Brief
Given the listing below, write out exactly the lines starting with the line that has "#201=LINE('',#200,#199);" and going on through the line that has "#233=VECTOR('',#232,1.);", both kept.

### Exercise data ###

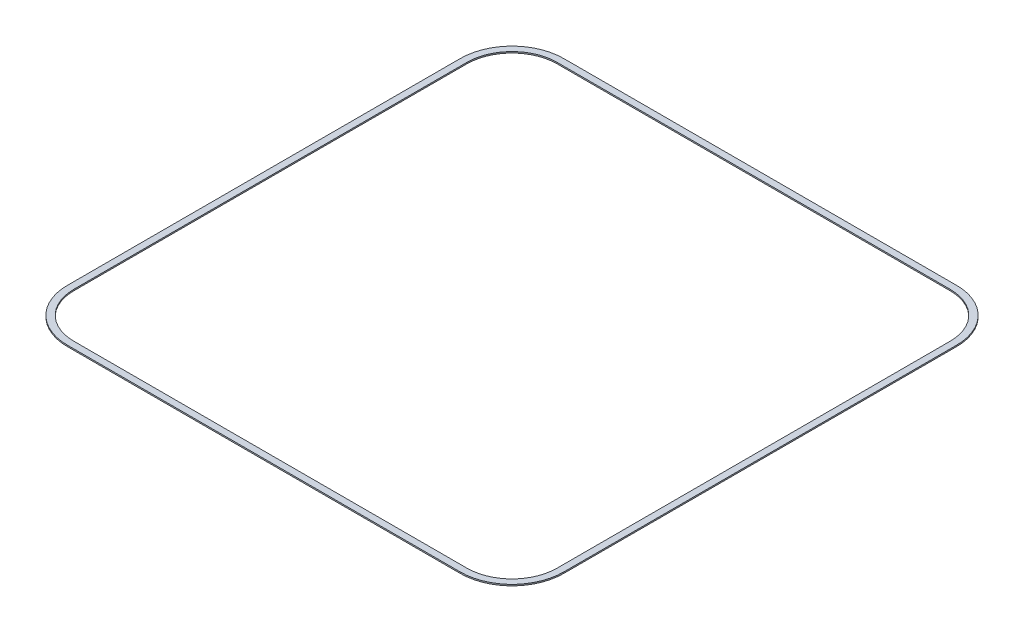
ISO-10303-21;
HEADER;
FILE_DESCRIPTION(('STEP AP214'),'2;1');
FILE_NAME('part.step','',(''),(''),'','','');
FILE_SCHEMA(('AUTOMOTIVE_DESIGN { 1 0 10303 214 1 1 1 1 }'));
ENDSEC;
DATA;
#1=APPLICATION_CONTEXT('core data for automotive mechanical design processes');
#2=APPLICATION_PROTOCOL_DEFINITION('international standard','automotive_design',2000,#1);
#3=PRODUCT_CONTEXT('',#1,'mechanical');
#4=PRODUCT('Part','Part','',(#3));
#5=PRODUCT_RELATED_PRODUCT_CATEGORY('part','',(#4));
#6=PRODUCT_DEFINITION_FORMATION('','',#4);
#7=PRODUCT_DEFINITION_CONTEXT('part definition',#1,'design');
#8=PRODUCT_DEFINITION('design','',#6,#7);
#9=PRODUCT_DEFINITION_SHAPE('','',#8);
#10=(LENGTH_UNIT() NAMED_UNIT(*) SI_UNIT(.MILLI.,.METRE.));
#11=(NAMED_UNIT(*) PLANE_ANGLE_UNIT() SI_UNIT($,.RADIAN.));
#12=(NAMED_UNIT(*) SI_UNIT($,.STERADIAN.) SOLID_ANGLE_UNIT());
#13=UNCERTAINTY_MEASURE_WITH_UNIT(LENGTH_MEASURE(1.E-05),#10,'distance_accuracy_value','');
#14=(GEOMETRIC_REPRESENTATION_CONTEXT(3) GLOBAL_UNCERTAINTY_ASSIGNED_CONTEXT((#13)) GLOBAL_UNIT_ASSIGNED_CONTEXT((#10,
#11,#12)) REPRESENTATION_CONTEXT('',''));
#15=CARTESIAN_POINT('',(0.,0.,0.));
#16=DIRECTION('',(0.,0.,1.));
#17=DIRECTION('',(1.,0.,0.));
#18=AXIS2_PLACEMENT_3D('',#15,#16,#17);
#19=CARTESIAN_POINT('',(-148.5,1.,-148.5));
#20=DIRECTION('',(0.,1.,0.));
#21=DIRECTION('',(0.,0.,1.));
#22=AXIS2_PLACEMENT_3D('',#19,#20,#21);
#23=PLANE('',#22);
#24=CARTESIAN_POINT('',(-148.5,1.,-148.5));
#25=DIRECTION('',(0.,1.,0.));
#26=DIRECTION('',(0.,0.,1.));
#27=AXIS2_PLACEMENT_3D('',#24,#25,#26);
#28=CIRCLE('',#27,39.);
#29=CARTESIAN_POINT('',(-148.5,1.,-187.5));
#30=VERTEX_POINT('',#29);
#31=CARTESIAN_POINT('',(-187.5,1.,-148.5));
#32=VERTEX_POINT('',#31);
#33=EDGE_CURVE('E211',#30,#32,#28,.T.);
#34=ORIENTED_EDGE('',*,*,#33,.T.);
#35=DIRECTION('',(0.,0.,1.));
#36=VECTOR('',#35,1.);
#37=CARTESIAN_POINT('',(-187.5,1.,-148.5));
#38=LINE('',#37,#36);
#39=CARTESIAN_POINT('',(-187.5,1.,148.5));
#40=VERTEX_POINT('',#39);
#41=EDGE_CURVE('E214',#32,#40,#38,.T.);
#42=ORIENTED_EDGE('',*,*,#41,.T.);
#43=CARTESIAN_POINT('',(-148.5,1.,148.5));
#44=DIRECTION('',(0.,1.,0.));
#45=DIRECTION('',(0.,0.,-1.));
#46=AXIS2_PLACEMENT_3D('',#43,#44,#45);
#47=CIRCLE('',#46,39.);
#48=CARTESIAN_POINT('',(-148.5,1.,187.5));
#49=VERTEX_POINT('',#48);
#50=EDGE_CURVE('E217',#40,#49,#47,.T.);
#51=ORIENTED_EDGE('',*,*,#50,.T.);
#52=DIRECTION('',(1.,0.,0.));
#53=VECTOR('',#52,1.);
#54=CARTESIAN_POINT('',(148.5,1.,187.5));
#55=LINE('',#54,#53);
#56=CARTESIAN_POINT('',(148.5,1.,187.5));
#57=VERTEX_POINT('',#56);
#58=EDGE_CURVE('E219',#49,#57,#55,.T.);
#59=ORIENTED_EDGE('',*,*,#58,.T.);
#60=CARTESIAN_POINT('',(148.5,1.,148.5));
#61=DIRECTION('',(0.,1.,0.));
#62=DIRECTION('',(0.,0.,1.));
#63=AXIS2_PLACEMENT_3D('',#60,#61,#62);
#64=CIRCLE('',#63,39.);
#65=CARTESIAN_POINT('',(187.5,1.,148.5));
#66=VERTEX_POINT('',#65);
#67=EDGE_CURVE('E221',#57,#66,#64,.T.);
#68=ORIENTED_EDGE('',*,*,#67,.T.);
#69=DIRECTION('',(0.,0.,-1.));
#70=VECTOR('',#69,1.);
#71=CARTESIAN_POINT('',(187.5,1.,-148.5));
#72=LINE('',#71,#70);
#73=CARTESIAN_POINT('',(187.5,1.,-148.5));
#74=VERTEX_POINT('',#73);
#75=EDGE_CURVE('E223',#66,#74,#72,.T.);
#76=ORIENTED_EDGE('',*,*,#75,.T.);
#77=CARTESIAN_POINT('',(148.5,1.,-148.5));
#78=DIRECTION('',(0.,1.,0.));
#79=DIRECTION('',(0.,0.,-1.));
#80=AXIS2_PLACEMENT_3D('',#77,#78,#79);
#81=CIRCLE('',#80,39.);
#82=CARTESIAN_POINT('',(148.5,1.,-187.5));
#83=VERTEX_POINT('',#82);
#84=EDGE_CURVE('E225',#74,#83,#81,.T.);
#85=ORIENTED_EDGE('',*,*,#84,.T.);
#86=DIRECTION('',(-1.,0.,0.));
#87=VECTOR('',#86,1.);
#88=CARTESIAN_POINT('',(148.5,1.,-187.5));
#89=LINE('',#88,#87);
#90=EDGE_CURVE('E227',#83,#30,#89,.T.);
#91=ORIENTED_EDGE('',*,*,#90,.T.);
#92=EDGE_LOOP('',(#34,#42,#51,#59,#68,#76,#85,#91));
#93=FACE_BOUND('',#92,.T.);
#94=DIRECTION('',(0.,0.,1.));
#95=VECTOR('',#94,1.);
#96=CARTESIAN_POINT('',(-182.5,1.,-148.5));
#97=LINE('',#96,#95);
#98=CARTESIAN_POINT('',(-182.5,1.,-148.5));
#99=VERTEX_POINT('',#98);
#100=CARTESIAN_POINT('',(-182.5,1.,148.5));
#101=VERTEX_POINT('',#100);
#102=EDGE_CURVE('E154',#99,#101,#97,.T.);
#103=ORIENTED_EDGE('',*,*,#102,.F.);
#104=CARTESIAN_POINT('',(-148.5,1.,-148.5));
#105=DIRECTION('',(0.,1.,0.));
#106=DIRECTION('',(0.,0.,1.));
#107=AXIS2_PLACEMENT_3D('',#104,#105,#106);
#108=CIRCLE('',#107,34.);
#109=CARTESIAN_POINT('',(-148.5,1.,-182.5));
#110=VERTEX_POINT('',#109);
#111=EDGE_CURVE('E146',#110,#99,#108,.T.);
#112=ORIENTED_EDGE('',*,*,#111,.F.);
#113=DIRECTION('',(-1.,0.,0.));
#114=VECTOR('',#113,1.);
#115=CARTESIAN_POINT('',(-148.5,1.,-182.5));
#116=LINE('',#115,#114);
#117=CARTESIAN_POINT('',(148.5,1.,-182.5));
#118=VERTEX_POINT('',#117);
#119=EDGE_CURVE('E179',#118,#110,#116,.T.);
#120=ORIENTED_EDGE('',*,*,#119,.F.);
#121=CARTESIAN_POINT('',(148.5,1.,-148.5));
#122=DIRECTION('',(0.,1.,0.));
#123=DIRECTION('',(0.,0.,-1.));
#124=AXIS2_PLACEMENT_3D('',#121,#122,#123);
#125=CIRCLE('',#124,34.);
#126=CARTESIAN_POINT('',(182.5,1.,-148.5));
#127=VERTEX_POINT('',#126);
#128=EDGE_CURVE('E177',#127,#118,#125,.T.);
#129=ORIENTED_EDGE('',*,*,#128,.F.);
#130=DIRECTION('',(0.,0.,-1.));
#131=VECTOR('',#130,1.);
#132=CARTESIAN_POINT('',(182.5,1.,-148.5));
#133=LINE('',#132,#131);
#134=CARTESIAN_POINT('',(182.5,1.,148.5));
#135=VERTEX_POINT('',#134);
#136=EDGE_CURVE('E175',#135,#127,#133,.T.);
#137=ORIENTED_EDGE('',*,*,#136,.F.);
#138=CARTESIAN_POINT('',(148.5,1.,148.5));
#139=DIRECTION('',(0.,1.,0.));
#140=DIRECTION('',(0.,0.,-1.));
#141=AXIS2_PLACEMENT_3D('',#138,#139,#140);
#142=CIRCLE('',#141,34.);
#143=CARTESIAN_POINT('',(148.5,1.,182.5));
#144=VERTEX_POINT('',#143);
#145=EDGE_CURVE('E173',#144,#135,#142,.T.);
#146=ORIENTED_EDGE('',*,*,#145,.F.);
#147=DIRECTION('',(1.,0.,0.));
#148=VECTOR('',#147,1.);
#149=CARTESIAN_POINT('',(-148.5,1.,182.5));
#150=LINE('',#149,#148);
#151=CARTESIAN_POINT('',(-148.5,1.,182.5));
#152=VERTEX_POINT('',#151);
#153=EDGE_CURVE('E169',#152,#144,#150,.T.);
#154=ORIENTED_EDGE('',*,*,#153,.F.);
#155=CARTESIAN_POINT('',(-148.5,1.,148.5));
#156=DIRECTION('',(0.,1.,0.));
#157=DIRECTION('',(0.,0.,-1.));
#158=AXIS2_PLACEMENT_3D('',#155,#156,#157);
#159=CIRCLE('',#158,34.);
#160=EDGE_CURVE('E167',#101,#152,#159,.T.);
#161=ORIENTED_EDGE('',*,*,#160,.F.);
#162=EDGE_LOOP('',(#103,#112,#120,#129,#137,#146,#154,#161));
#163=FACE_BOUND('',#162,.T.);
#164=ADVANCED_FACE('F33',(#93,#163),#23,.T.);
#165=CARTESIAN_POINT('',(-148.5,0.,-148.5));
#166=DIRECTION('',(0.,1.,0.));
#167=DIRECTION('',(0.,0.,1.));
#168=AXIS2_PLACEMENT_3D('',#165,#166,#167);
#169=PLANE('',#168);
#170=CARTESIAN_POINT('',(-148.5,0.,-148.5));
#171=DIRECTION('',(0.,1.,0.));
#172=DIRECTION('',(0.,0.,1.));
#173=AXIS2_PLACEMENT_3D('',#170,#171,#172);
#174=CIRCLE('',#173,39.);
#175=CARTESIAN_POINT('',(-148.5,0.,-187.5));
#176=VERTEX_POINT('',#175);
#177=CARTESIAN_POINT('',(-187.5,0.,-148.5));
#178=VERTEX_POINT('',#177);
#179=EDGE_CURVE('E162',#176,#178,#174,.T.);
#180=ORIENTED_EDGE('',*,*,#179,.F.);
#181=DIRECTION('',(-1.,0.,0.));
#182=VECTOR('',#181,1.);
#183=CARTESIAN_POINT('',(148.5,0.,-187.5));
#184=LINE('',#183,#182);
#185=CARTESIAN_POINT('',(148.5,0.,-187.5));
#186=VERTEX_POINT('',#185);
#187=EDGE_CURVE('E215',#186,#176,#184,.T.);
#188=ORIENTED_EDGE('',*,*,#187,.F.);
#189=CARTESIAN_POINT('',(148.5,0.,-148.5));
#190=DIRECTION('',(0.,1.,0.));
#191=DIRECTION('',(0.,0.,-1.));
#192=AXIS2_PLACEMENT_3D('',#189,#190,#191);
#193=CIRCLE('',#192,39.);
#194=CARTESIAN_POINT('',(187.5,0.,-148.5));
#195=VERTEX_POINT('',#194);
#196=EDGE_CURVE('E242',#195,#186,#193,.T.);
#197=ORIENTED_EDGE('',*,*,#196,.F.);
#198=DIRECTION('',(0.,0.,-1.));
#199=VECTOR('',#198,1.);
#200=CARTESIAN_POINT('',(187.5,0.,-148.5));
#201=LINE('',#200,#199);
#202=CARTESIAN_POINT('',(187.5,0.,148.5));
#203=VERTEX_POINT('',#202);
#204=EDGE_CURVE('E240',#203,#195,#201,.T.);
#205=ORIENTED_EDGE('',*,*,#204,.F.);
#206=CARTESIAN_POINT('',(148.5,0.,148.5));
#207=DIRECTION('',(0.,1.,0.));
#208=DIRECTION('',(0.,0.,1.));
#209=AXIS2_PLACEMENT_3D('',#206,#207,#208);
#210=CIRCLE('',#209,39.);
#211=CARTESIAN_POINT('',(148.5,0.,187.5));
#212=VERTEX_POINT('',#211);
#213=EDGE_CURVE('E238',#212,#203,#210,.T.);
#214=ORIENTED_EDGE('',*,*,#213,.F.);
#215=DIRECTION('',(1.,0.,0.));
#216=VECTOR('',#215,1.);
#217=CARTESIAN_POINT('',(148.5,0.,187.5));
#218=LINE('',#217,#216);
#219=CARTESIAN_POINT('',(-148.5,0.,187.5));
#220=VERTEX_POINT('',#219);
#221=EDGE_CURVE('E236',#220,#212,#218,.T.);
#222=ORIENTED_EDGE('',*,*,#221,.F.);
#223=CARTESIAN_POINT('',(-148.5,0.,148.5));
#224=DIRECTION('',(0.,1.,0.));
#225=DIRECTION('',(0.,0.,-1.));
#226=AXIS2_PLACEMENT_3D('',#223,#224,#225);
#227=CIRCLE('',#226,39.);
#228=CARTESIAN_POINT('',(-187.5,0.,148.5));
#229=VERTEX_POINT('',#228);
#230=EDGE_CURVE('E234',#229,#220,#227,.T.);
#231=ORIENTED_EDGE('',*,*,#230,.F.);
#232=DIRECTION('',(0.,0.,1.));
#233=VECTOR('',#232,1.);
#234=CARTESIAN_POINT('',(-187.5,0.,-148.5));
#235=LINE('',#234,#233);
#236=EDGE_CURVE('E232',#178,#229,#235,.T.);
#237=ORIENTED_EDGE('',*,*,#236,.F.);
#238=EDGE_LOOP('',(#180,#188,#197,#205,#214,#222,#231,#237));
#239=FACE_BOUND('',#238,.T.);
#240=CARTESIAN_POINT('',(-148.5,0.,-148.5));
#241=DIRECTION('',(0.,1.,0.));
#242=DIRECTION('',(0.,0.,1.));
#243=AXIS2_PLACEMENT_3D('',#240,#241,#242);
#244=CIRCLE('',#243,34.);
#245=CARTESIAN_POINT('',(-148.5,0.,-182.5));
#246=VERTEX_POINT('',#245);
#247=CARTESIAN_POINT('',(-182.5,0.,-148.5));
#248=VERTEX_POINT('',#247);
#249=EDGE_CURVE('E56',#246,#248,#244,.T.);
#250=ORIENTED_EDGE('',*,*,#249,.T.);
#251=DIRECTION('',(0.,0.,1.));
#252=VECTOR('',#251,1.);
#253=CARTESIAN_POINT('',(-182.5,0.,-148.5));
#254=LINE('',#253,#252);
#255=CARTESIAN_POINT('',(-182.5,0.,148.5));
#256=VERTEX_POINT('',#255);
#257=EDGE_CURVE('E161',#248,#256,#254,.T.);
#258=ORIENTED_EDGE('',*,*,#257,.T.);
#259=CARTESIAN_POINT('',(-148.5,0.,148.5));
#260=DIRECTION('',(0.,1.,0.));
#261=DIRECTION('',(0.,0.,-1.));
#262=AXIS2_PLACEMENT_3D('',#259,#260,#261);
#263=CIRCLE('',#262,34.);
#264=CARTESIAN_POINT('',(-148.5,0.,182.5));
#265=VERTEX_POINT('',#264);
#266=EDGE_CURVE('E183',#256,#265,#263,.T.);
#267=ORIENTED_EDGE('',*,*,#266,.T.);
#268=DIRECTION('',(1.,0.,0.));
#269=VECTOR('',#268,1.);
#270=CARTESIAN_POINT('',(-148.5,0.,182.5));
#271=LINE('',#270,#269);
#272=CARTESIAN_POINT('',(148.5,0.,182.5));
#273=VERTEX_POINT('',#272);
#274=EDGE_CURVE('E186',#265,#273,#271,.T.);
#275=ORIENTED_EDGE('',*,*,#274,.T.);
#276=CARTESIAN_POINT('',(148.5,0.,148.5));
#277=DIRECTION('',(0.,1.,0.));
#278=DIRECTION('',(0.,0.,-1.));
#279=AXIS2_PLACEMENT_3D('',#276,#277,#278);
#280=CIRCLE('',#279,34.);
#281=CARTESIAN_POINT('',(182.5,0.,148.5));
#282=VERTEX_POINT('',#281);
#283=EDGE_CURVE('E189',#273,#282,#280,.T.);
#284=ORIENTED_EDGE('',*,*,#283,.T.);
#285=DIRECTION('',(0.,0.,-1.));
#286=VECTOR('',#285,1.);
#287=CARTESIAN_POINT('',(182.5,0.,-148.5));
#288=LINE('',#287,#286);
#289=CARTESIAN_POINT('',(182.5,0.,-148.5));
#290=VERTEX_POINT('',#289);
#291=EDGE_CURVE('E192',#282,#290,#288,.T.);
#292=ORIENTED_EDGE('',*,*,#291,.T.);
#293=CARTESIAN_POINT('',(148.5,0.,-148.5));
#294=DIRECTION('',(0.,1.,0.));
#295=DIRECTION('',(0.,0.,-1.));
#296=AXIS2_PLACEMENT_3D('',#293,#294,#295);
#297=CIRCLE('',#296,34.);
#298=CARTESIAN_POINT('',(148.5,0.,-182.5));
#299=VERTEX_POINT('',#298);
#300=EDGE_CURVE('E195',#290,#299,#297,.T.);
#301=ORIENTED_EDGE('',*,*,#300,.T.);
#302=DIRECTION('',(-1.,0.,0.));
#303=VECTOR('',#302,1.);
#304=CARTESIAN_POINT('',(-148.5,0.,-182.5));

###

Written solution
#201=LINE('',#200,#199);
#202=CARTESIAN_POINT('',(187.5,0.,148.5));
#203=VERTEX_POINT('',#202);
#204=EDGE_CURVE('E240',#203,#195,#201,.T.);
#205=ORIENTED_EDGE('',*,*,#204,.F.);
#206=CARTESIAN_POINT('',(148.5,0.,148.5));
#207=DIRECTION('',(0.,1.,0.));
#208=DIRECTION('',(0.,0.,1.));
#209=AXIS2_PLACEMENT_3D('',#206,#207,#208);
#210=CIRCLE('',#209,39.);
#211=CARTESIAN_POINT('',(148.5,0.,187.5));
#212=VERTEX_POINT('',#211);
#213=EDGE_CURVE('E238',#212,#203,#210,.T.);
#214=ORIENTED_EDGE('',*,*,#213,.F.);
#215=DIRECTION('',(1.,0.,0.));
#216=VECTOR('',#215,1.);
#217=CARTESIAN_POINT('',(148.5,0.,187.5));
#218=LINE('',#217,#216);
#219=CARTESIAN_POINT('',(-148.5,0.,187.5));
#220=VERTEX_POINT('',#219);
#221=EDGE_CURVE('E236',#220,#212,#218,.T.);
#222=ORIENTED_EDGE('',*,*,#221,.F.);
#223=CARTESIAN_POINT('',(-148.5,0.,148.5));
#224=DIRECTION('',(0.,1.,0.));
#225=DIRECTION('',(0.,0.,-1.));
#226=AXIS2_PLACEMENT_3D('',#223,#224,#225);
#227=CIRCLE('',#226,39.);
#228=CARTESIAN_POINT('',(-187.5,0.,148.5));
#229=VERTEX_POINT('',#228);
#230=EDGE_CURVE('E234',#229,#220,#227,.T.);
#231=ORIENTED_EDGE('',*,*,#230,.F.);
#232=DIRECTION('',(0.,0.,1.));
#233=VECTOR('',#232,1.);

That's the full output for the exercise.